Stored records
* * *

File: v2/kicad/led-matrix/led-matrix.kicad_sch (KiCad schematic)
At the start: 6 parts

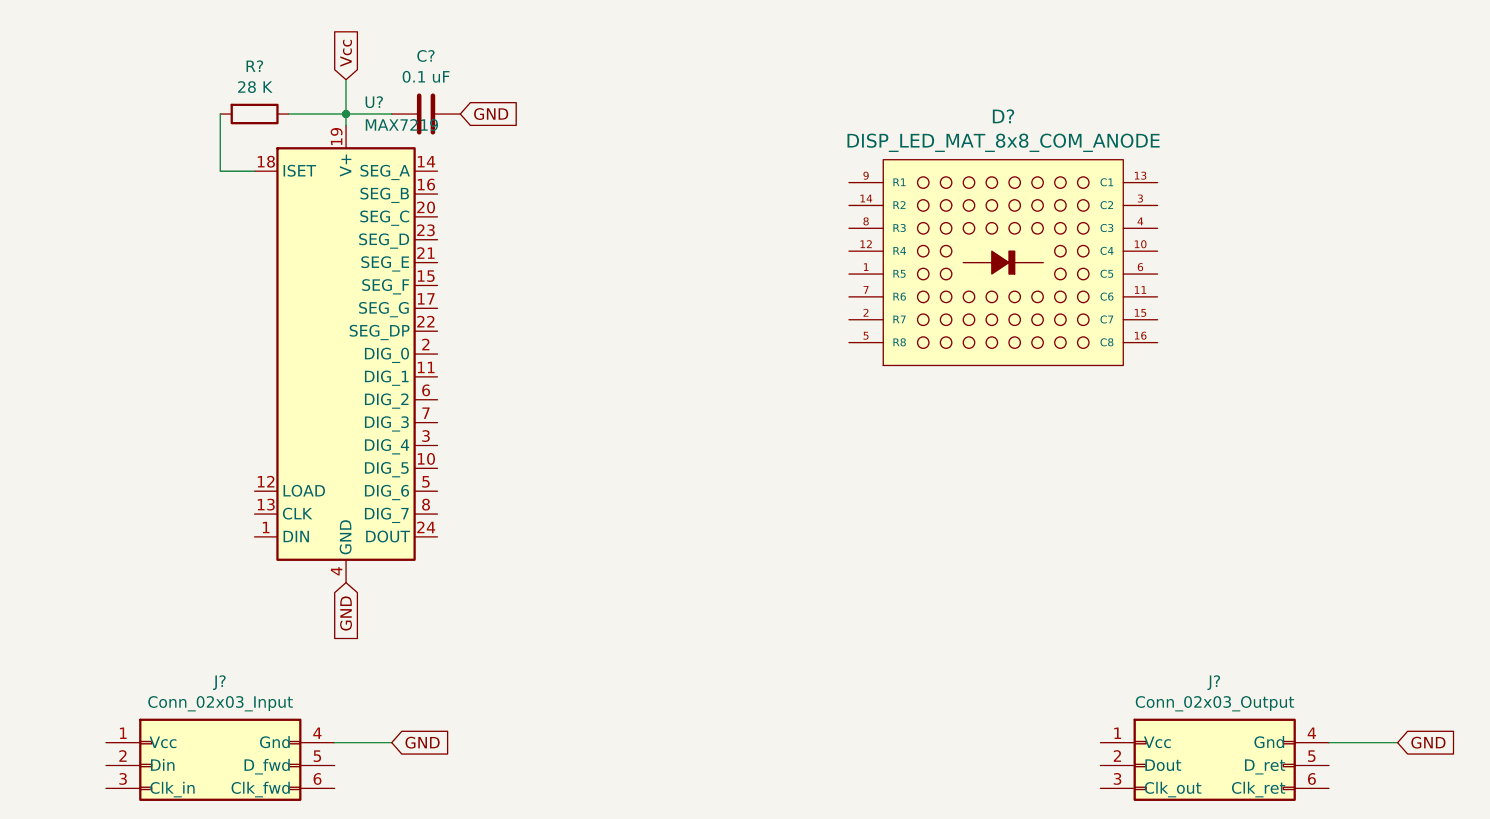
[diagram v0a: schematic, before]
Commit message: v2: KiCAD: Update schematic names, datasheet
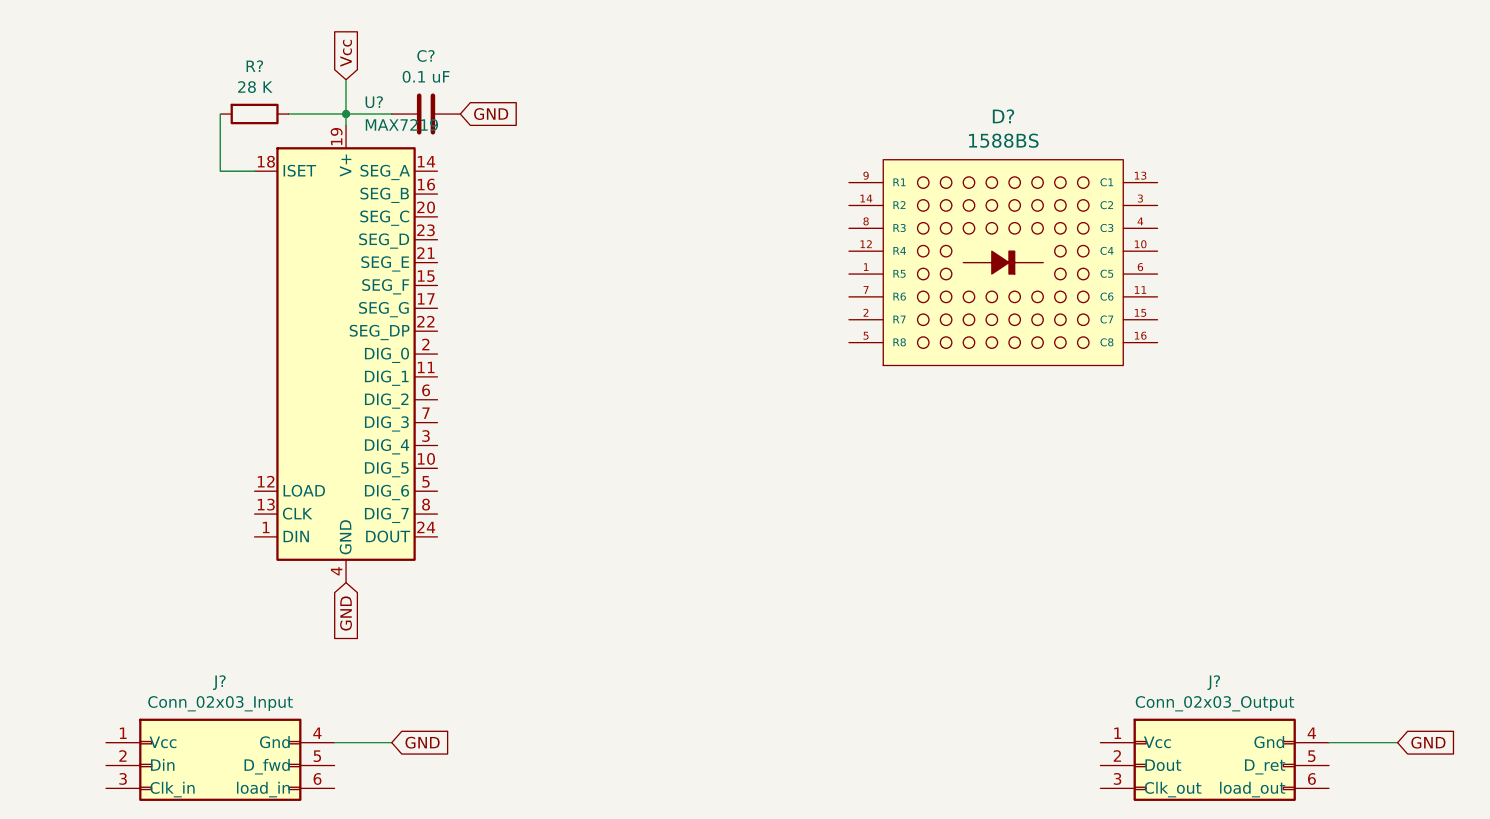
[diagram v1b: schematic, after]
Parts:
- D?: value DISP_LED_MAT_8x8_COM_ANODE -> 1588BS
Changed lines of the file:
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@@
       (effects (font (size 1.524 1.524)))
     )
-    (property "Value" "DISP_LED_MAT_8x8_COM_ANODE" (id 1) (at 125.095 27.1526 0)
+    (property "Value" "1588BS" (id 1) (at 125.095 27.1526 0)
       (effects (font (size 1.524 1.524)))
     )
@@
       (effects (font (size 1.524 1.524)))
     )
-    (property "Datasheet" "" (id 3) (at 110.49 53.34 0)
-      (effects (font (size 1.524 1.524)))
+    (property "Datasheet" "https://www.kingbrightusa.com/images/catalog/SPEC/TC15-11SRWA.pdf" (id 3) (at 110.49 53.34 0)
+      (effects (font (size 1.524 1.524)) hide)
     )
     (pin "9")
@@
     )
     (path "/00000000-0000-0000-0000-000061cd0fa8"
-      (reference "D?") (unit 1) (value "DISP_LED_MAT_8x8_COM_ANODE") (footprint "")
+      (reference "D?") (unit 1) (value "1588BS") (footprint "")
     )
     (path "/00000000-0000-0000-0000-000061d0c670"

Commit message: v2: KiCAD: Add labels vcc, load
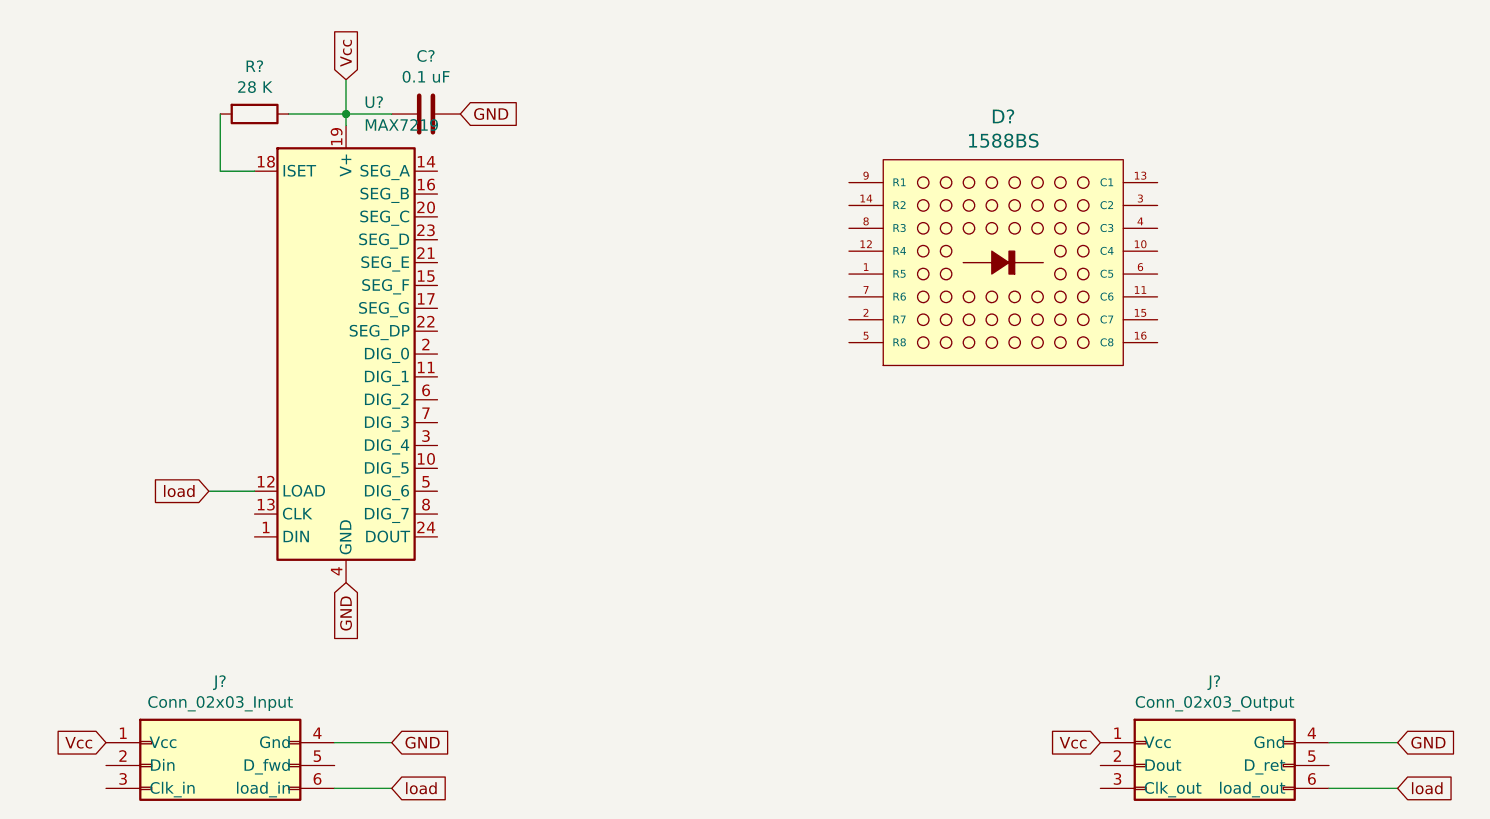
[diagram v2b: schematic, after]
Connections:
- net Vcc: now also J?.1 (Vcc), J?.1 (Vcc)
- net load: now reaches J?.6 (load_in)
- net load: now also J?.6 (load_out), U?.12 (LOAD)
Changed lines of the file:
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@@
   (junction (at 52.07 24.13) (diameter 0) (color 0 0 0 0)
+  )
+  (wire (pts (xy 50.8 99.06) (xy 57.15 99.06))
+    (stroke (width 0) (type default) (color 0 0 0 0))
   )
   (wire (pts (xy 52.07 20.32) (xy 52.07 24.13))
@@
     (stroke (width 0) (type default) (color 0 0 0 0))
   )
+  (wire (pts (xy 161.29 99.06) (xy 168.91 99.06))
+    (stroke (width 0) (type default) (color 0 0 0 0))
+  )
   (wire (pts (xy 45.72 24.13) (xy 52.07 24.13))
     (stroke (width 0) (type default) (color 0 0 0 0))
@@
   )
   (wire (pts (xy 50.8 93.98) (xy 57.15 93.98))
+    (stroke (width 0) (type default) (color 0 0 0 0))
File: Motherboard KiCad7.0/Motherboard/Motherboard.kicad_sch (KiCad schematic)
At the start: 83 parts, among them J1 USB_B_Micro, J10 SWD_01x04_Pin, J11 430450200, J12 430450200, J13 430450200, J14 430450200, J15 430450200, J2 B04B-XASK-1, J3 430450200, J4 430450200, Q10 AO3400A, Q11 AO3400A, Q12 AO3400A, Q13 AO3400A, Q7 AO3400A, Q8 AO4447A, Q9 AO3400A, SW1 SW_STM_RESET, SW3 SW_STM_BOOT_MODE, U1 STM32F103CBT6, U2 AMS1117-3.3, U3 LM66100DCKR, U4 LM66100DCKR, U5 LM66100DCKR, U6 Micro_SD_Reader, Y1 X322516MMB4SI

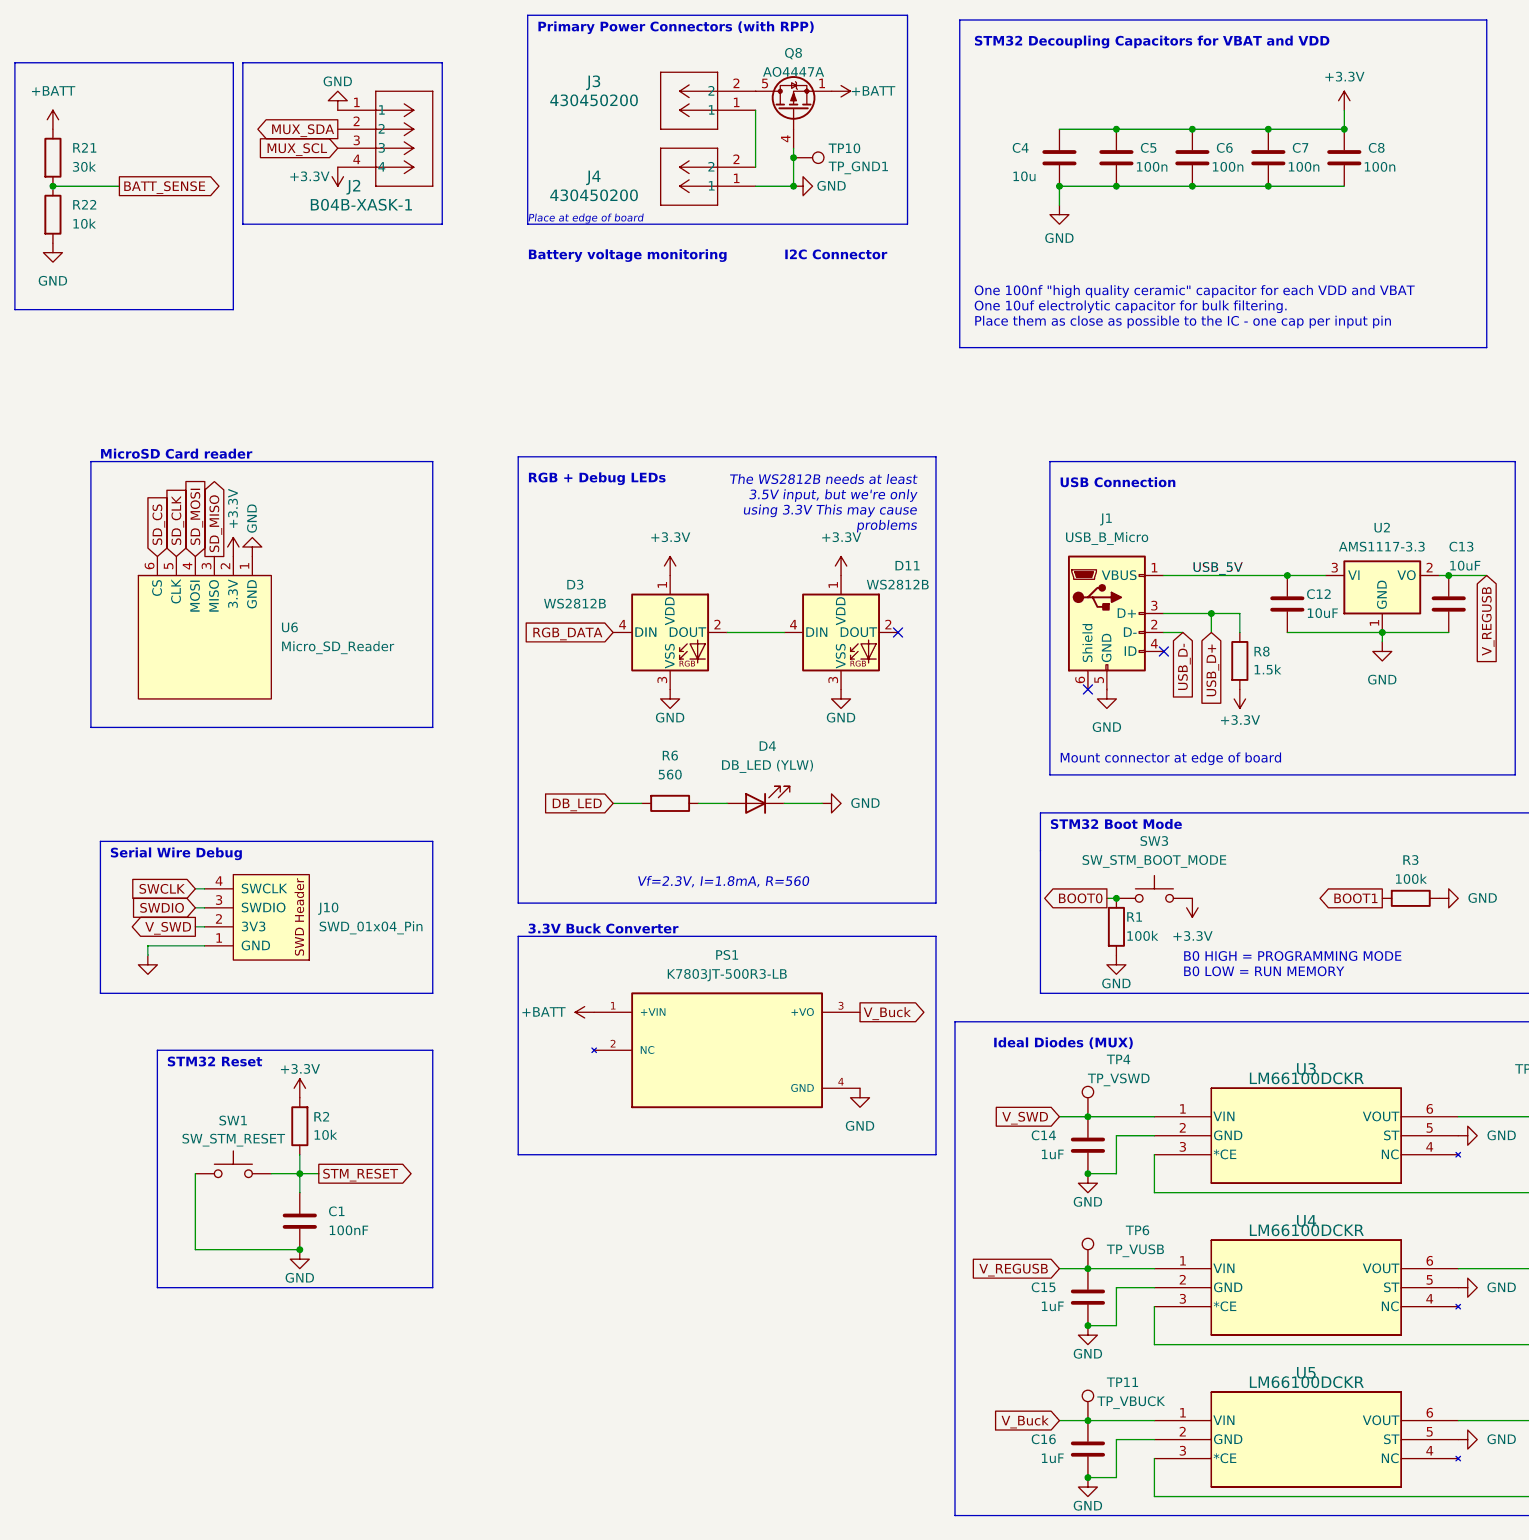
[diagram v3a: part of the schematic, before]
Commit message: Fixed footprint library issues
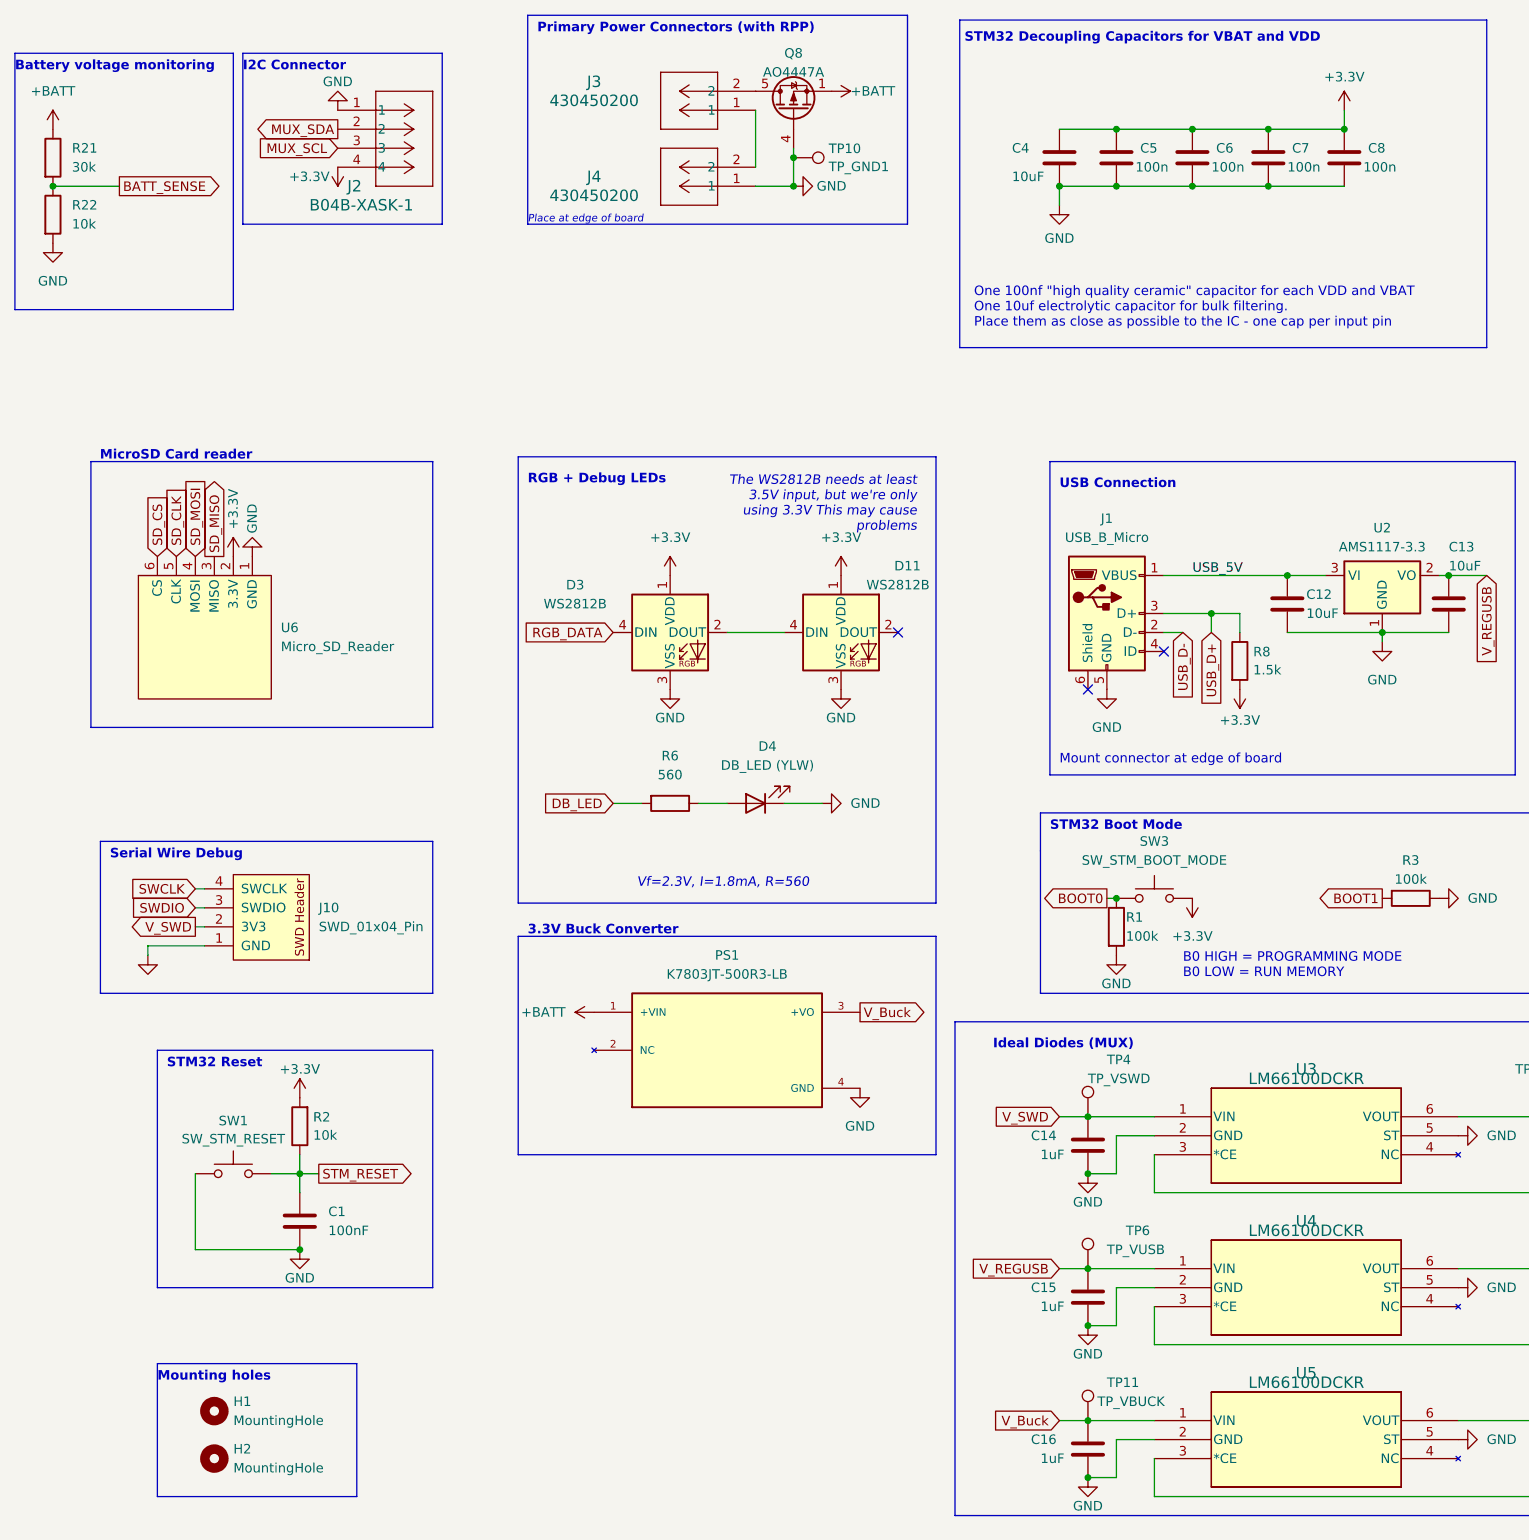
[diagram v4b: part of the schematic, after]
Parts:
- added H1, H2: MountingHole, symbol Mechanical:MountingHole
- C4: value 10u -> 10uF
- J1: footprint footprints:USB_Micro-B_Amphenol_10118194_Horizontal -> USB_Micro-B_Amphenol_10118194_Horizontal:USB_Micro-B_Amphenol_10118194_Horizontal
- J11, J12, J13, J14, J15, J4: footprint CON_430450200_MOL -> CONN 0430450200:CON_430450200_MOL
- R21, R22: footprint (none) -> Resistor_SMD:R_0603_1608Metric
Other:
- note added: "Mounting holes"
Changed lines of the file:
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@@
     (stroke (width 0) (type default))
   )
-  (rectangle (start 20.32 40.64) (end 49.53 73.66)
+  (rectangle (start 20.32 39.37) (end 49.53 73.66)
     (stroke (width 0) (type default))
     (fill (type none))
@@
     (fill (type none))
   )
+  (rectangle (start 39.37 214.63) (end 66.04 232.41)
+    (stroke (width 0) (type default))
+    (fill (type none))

* * *

Within the data above, how many lines include "before"? The number alone is the answer.

--- FINISHED TASK ---
2